----- Records supplied -----

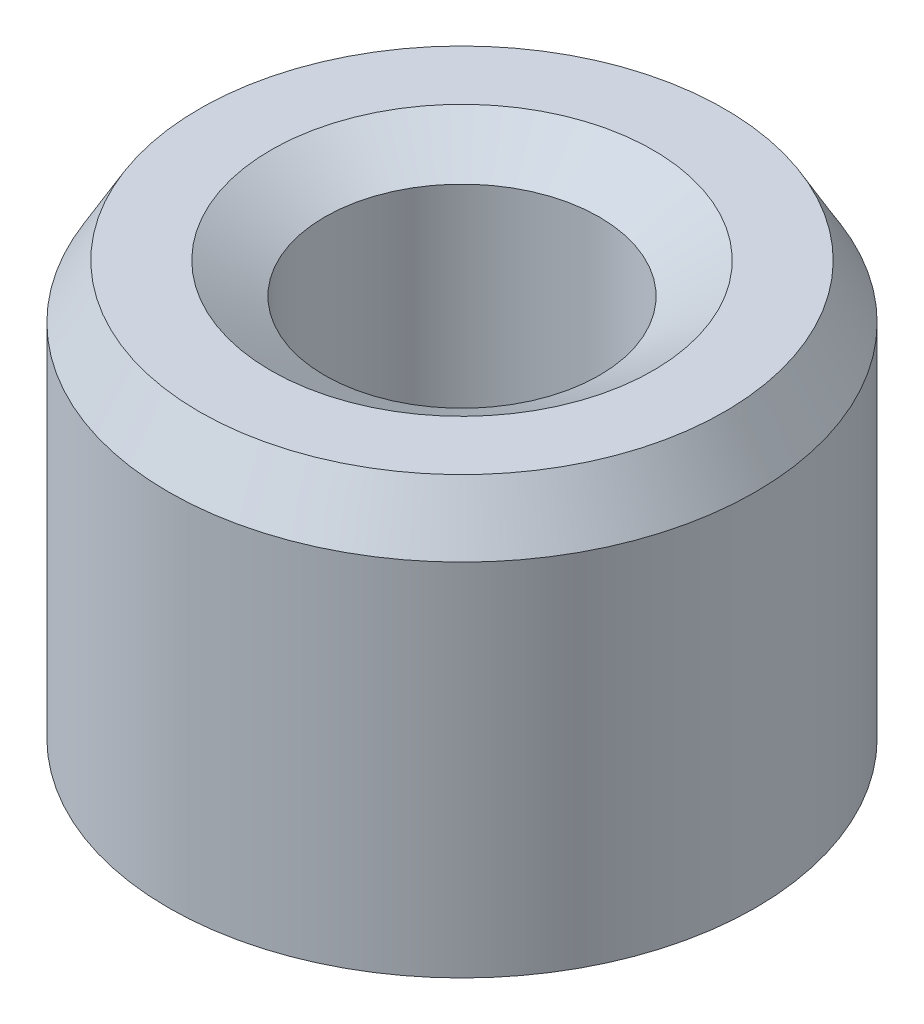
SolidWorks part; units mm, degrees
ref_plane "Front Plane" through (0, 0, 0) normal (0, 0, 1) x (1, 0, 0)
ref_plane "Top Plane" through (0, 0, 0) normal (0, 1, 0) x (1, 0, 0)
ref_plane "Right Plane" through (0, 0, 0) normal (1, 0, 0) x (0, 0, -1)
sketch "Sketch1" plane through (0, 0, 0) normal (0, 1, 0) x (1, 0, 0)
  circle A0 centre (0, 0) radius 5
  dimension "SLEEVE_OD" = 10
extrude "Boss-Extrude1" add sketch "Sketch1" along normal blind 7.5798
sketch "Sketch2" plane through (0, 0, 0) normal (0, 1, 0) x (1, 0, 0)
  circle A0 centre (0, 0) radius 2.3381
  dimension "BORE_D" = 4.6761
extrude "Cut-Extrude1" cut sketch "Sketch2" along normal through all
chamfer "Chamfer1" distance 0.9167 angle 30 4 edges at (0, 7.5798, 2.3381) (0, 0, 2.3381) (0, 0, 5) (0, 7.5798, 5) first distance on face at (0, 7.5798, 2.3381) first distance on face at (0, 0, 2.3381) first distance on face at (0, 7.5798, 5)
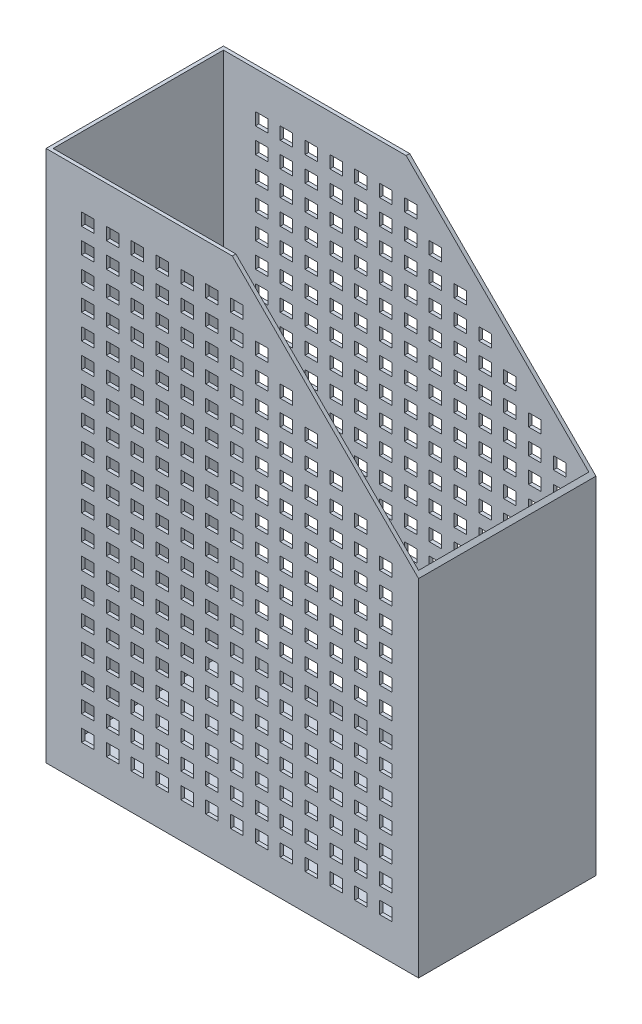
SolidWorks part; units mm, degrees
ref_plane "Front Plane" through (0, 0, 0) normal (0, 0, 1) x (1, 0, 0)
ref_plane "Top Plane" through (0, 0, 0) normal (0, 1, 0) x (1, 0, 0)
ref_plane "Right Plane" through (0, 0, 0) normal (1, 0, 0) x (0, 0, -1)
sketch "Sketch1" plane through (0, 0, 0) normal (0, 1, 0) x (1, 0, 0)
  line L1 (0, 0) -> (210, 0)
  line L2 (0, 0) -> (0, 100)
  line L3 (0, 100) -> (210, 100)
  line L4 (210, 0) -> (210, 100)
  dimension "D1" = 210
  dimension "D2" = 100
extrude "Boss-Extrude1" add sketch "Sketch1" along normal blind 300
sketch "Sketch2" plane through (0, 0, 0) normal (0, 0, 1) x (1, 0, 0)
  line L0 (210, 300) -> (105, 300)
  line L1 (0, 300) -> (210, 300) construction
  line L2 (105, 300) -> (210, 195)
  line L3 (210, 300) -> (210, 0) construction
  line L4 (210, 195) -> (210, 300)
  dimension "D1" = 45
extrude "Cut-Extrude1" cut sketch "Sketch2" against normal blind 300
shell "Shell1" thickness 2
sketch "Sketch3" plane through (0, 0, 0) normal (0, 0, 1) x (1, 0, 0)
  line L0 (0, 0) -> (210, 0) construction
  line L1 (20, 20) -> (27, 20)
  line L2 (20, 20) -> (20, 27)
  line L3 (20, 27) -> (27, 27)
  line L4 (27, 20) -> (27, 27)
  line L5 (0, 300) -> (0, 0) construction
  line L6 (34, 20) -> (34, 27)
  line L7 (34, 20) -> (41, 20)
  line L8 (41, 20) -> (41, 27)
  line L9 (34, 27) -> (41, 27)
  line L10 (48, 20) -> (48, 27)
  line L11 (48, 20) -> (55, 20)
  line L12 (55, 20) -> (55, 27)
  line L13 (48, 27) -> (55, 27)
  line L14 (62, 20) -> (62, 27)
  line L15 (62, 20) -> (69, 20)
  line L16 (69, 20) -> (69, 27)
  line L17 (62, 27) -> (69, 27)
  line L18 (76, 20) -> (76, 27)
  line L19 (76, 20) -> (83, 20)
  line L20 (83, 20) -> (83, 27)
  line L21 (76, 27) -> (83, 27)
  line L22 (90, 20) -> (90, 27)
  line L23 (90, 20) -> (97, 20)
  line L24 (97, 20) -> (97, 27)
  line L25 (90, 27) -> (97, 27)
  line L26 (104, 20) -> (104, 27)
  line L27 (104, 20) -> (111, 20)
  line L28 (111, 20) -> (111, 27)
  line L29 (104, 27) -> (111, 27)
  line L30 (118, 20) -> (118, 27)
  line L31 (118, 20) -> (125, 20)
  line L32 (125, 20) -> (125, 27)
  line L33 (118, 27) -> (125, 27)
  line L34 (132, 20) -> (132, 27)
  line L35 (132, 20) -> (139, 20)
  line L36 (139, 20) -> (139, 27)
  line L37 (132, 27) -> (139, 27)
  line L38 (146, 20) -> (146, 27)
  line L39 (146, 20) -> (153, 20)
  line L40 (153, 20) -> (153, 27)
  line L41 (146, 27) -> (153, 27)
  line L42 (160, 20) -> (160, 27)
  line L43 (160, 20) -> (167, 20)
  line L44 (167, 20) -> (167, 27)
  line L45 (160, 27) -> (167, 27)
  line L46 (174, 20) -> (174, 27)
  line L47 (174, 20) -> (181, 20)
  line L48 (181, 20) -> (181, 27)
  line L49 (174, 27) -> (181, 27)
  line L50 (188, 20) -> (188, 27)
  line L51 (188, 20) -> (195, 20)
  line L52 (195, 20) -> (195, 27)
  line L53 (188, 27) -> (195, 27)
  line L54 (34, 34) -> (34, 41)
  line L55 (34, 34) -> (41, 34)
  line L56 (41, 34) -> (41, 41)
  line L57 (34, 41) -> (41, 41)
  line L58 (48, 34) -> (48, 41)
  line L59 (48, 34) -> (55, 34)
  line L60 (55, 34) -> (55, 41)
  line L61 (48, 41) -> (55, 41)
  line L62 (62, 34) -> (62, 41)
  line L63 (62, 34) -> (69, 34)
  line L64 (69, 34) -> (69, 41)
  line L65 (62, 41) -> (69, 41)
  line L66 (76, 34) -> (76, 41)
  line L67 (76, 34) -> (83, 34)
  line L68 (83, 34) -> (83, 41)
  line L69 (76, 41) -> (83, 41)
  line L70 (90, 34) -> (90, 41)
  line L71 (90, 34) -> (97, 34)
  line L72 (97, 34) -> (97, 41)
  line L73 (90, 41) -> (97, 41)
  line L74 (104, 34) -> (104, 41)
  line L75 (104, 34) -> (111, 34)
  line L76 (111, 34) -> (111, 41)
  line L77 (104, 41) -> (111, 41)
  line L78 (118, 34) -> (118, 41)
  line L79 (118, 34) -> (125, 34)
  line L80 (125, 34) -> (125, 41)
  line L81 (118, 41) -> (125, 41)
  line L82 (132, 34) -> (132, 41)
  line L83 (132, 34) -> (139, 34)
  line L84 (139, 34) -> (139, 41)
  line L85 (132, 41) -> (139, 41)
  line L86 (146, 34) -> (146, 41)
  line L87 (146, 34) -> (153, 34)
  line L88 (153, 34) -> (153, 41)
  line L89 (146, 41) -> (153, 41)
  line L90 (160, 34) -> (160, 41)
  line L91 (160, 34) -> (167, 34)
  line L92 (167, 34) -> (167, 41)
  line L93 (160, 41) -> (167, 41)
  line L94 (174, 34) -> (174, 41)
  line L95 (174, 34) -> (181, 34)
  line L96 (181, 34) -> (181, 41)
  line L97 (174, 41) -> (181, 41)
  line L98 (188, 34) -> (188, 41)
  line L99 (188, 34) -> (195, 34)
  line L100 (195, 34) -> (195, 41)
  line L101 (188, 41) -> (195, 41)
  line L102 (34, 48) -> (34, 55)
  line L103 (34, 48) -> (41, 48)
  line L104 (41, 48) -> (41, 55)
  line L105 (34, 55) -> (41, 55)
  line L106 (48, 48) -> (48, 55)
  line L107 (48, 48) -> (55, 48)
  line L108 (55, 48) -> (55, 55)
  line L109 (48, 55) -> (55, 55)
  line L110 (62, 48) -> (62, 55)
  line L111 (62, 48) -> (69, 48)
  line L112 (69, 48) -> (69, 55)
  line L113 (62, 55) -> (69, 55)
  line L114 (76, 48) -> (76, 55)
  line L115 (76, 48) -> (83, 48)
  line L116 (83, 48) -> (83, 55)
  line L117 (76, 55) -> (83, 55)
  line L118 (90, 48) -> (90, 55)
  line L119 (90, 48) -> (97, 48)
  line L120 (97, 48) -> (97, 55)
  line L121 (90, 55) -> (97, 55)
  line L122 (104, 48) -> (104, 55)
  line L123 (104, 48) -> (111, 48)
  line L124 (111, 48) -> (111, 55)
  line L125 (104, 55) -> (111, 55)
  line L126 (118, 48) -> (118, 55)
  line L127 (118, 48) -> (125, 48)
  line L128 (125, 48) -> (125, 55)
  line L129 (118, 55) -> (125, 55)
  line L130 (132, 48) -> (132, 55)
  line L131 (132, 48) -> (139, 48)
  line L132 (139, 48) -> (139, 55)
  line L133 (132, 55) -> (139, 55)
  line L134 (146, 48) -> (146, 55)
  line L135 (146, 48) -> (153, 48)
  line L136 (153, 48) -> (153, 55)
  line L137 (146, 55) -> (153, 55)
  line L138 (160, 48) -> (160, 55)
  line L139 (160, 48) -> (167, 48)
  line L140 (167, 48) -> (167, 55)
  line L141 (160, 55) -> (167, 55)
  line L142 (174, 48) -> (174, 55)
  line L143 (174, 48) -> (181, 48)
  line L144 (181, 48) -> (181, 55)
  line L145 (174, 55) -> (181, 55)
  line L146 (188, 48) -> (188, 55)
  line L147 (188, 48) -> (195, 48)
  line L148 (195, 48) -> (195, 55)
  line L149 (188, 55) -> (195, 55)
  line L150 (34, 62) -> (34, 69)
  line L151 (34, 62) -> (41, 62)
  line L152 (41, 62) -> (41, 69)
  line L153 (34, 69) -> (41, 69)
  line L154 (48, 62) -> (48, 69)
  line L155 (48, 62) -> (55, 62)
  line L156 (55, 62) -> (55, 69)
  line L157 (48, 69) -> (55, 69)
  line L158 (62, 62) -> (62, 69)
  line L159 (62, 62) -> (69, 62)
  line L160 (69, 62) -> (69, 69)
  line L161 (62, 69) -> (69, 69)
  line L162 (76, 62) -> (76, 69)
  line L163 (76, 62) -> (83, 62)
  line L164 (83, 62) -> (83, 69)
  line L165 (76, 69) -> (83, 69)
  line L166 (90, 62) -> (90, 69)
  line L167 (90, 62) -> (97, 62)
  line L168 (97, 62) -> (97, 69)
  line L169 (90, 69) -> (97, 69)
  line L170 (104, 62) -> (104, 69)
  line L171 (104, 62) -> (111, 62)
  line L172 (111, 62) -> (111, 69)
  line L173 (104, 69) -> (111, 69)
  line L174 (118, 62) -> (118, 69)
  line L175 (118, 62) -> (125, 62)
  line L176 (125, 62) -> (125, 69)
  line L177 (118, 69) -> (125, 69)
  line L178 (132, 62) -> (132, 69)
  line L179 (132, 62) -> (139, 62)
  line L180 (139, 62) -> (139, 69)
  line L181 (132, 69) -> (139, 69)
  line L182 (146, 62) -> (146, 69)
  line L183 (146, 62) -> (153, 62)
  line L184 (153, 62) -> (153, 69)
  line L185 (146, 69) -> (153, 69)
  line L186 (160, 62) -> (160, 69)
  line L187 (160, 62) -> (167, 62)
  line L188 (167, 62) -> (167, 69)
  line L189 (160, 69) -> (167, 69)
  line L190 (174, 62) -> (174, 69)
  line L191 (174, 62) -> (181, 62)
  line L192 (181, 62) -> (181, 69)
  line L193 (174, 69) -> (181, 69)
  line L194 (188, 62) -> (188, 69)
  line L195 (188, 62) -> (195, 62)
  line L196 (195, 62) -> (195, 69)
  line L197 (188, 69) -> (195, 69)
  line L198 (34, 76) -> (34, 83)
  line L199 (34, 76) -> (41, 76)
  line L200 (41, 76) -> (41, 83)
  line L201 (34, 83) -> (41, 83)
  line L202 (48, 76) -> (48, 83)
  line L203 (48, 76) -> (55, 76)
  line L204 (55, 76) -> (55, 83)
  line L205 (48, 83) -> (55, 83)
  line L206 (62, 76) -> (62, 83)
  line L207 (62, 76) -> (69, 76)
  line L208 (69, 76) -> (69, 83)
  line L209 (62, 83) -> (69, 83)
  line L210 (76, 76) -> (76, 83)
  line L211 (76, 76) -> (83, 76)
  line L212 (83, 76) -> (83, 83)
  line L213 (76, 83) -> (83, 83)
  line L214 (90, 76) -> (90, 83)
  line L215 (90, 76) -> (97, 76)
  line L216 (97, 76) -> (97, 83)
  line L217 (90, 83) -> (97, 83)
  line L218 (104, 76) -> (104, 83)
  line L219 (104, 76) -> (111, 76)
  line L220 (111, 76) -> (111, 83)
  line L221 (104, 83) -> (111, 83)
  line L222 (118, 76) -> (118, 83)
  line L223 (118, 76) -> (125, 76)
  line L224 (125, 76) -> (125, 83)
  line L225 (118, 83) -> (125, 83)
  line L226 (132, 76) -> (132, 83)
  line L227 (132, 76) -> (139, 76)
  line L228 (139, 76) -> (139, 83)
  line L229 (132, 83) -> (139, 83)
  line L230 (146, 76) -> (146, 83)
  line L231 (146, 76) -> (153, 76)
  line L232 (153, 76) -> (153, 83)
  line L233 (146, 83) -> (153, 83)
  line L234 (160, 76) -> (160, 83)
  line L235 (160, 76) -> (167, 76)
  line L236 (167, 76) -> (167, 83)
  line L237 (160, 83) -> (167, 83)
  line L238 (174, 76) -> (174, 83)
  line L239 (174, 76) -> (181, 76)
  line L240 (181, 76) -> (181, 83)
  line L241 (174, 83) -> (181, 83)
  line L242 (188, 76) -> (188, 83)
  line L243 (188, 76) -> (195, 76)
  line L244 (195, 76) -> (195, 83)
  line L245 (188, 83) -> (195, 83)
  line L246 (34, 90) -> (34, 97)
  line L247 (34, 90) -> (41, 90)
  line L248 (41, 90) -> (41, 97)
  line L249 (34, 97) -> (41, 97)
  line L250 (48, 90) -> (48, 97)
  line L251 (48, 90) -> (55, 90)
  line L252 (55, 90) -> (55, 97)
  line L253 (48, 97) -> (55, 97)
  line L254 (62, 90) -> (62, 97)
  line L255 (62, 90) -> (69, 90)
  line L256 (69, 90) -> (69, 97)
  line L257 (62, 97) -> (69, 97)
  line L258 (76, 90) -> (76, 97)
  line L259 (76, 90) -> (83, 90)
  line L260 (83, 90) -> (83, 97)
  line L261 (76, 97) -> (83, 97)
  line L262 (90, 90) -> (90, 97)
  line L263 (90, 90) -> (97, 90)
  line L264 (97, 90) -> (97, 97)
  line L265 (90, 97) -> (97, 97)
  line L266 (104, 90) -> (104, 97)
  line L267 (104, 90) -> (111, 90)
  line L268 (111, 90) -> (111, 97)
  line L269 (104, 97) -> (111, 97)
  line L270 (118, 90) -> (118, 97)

-----

Activity.
The line containing "line L266 (104, 90) -> (104, 97)" and every line after it, up to and including the last line of the records, should be reproduced exactly, with nothing else.

Task result.
  line L266 (104, 90) -> (104, 97)
  line L267 (104, 90) -> (111, 90)
  line L268 (111, 90) -> (111, 97)
  line L269 (104, 97) -> (111, 97)
  line L270 (118, 90) -> (118, 97)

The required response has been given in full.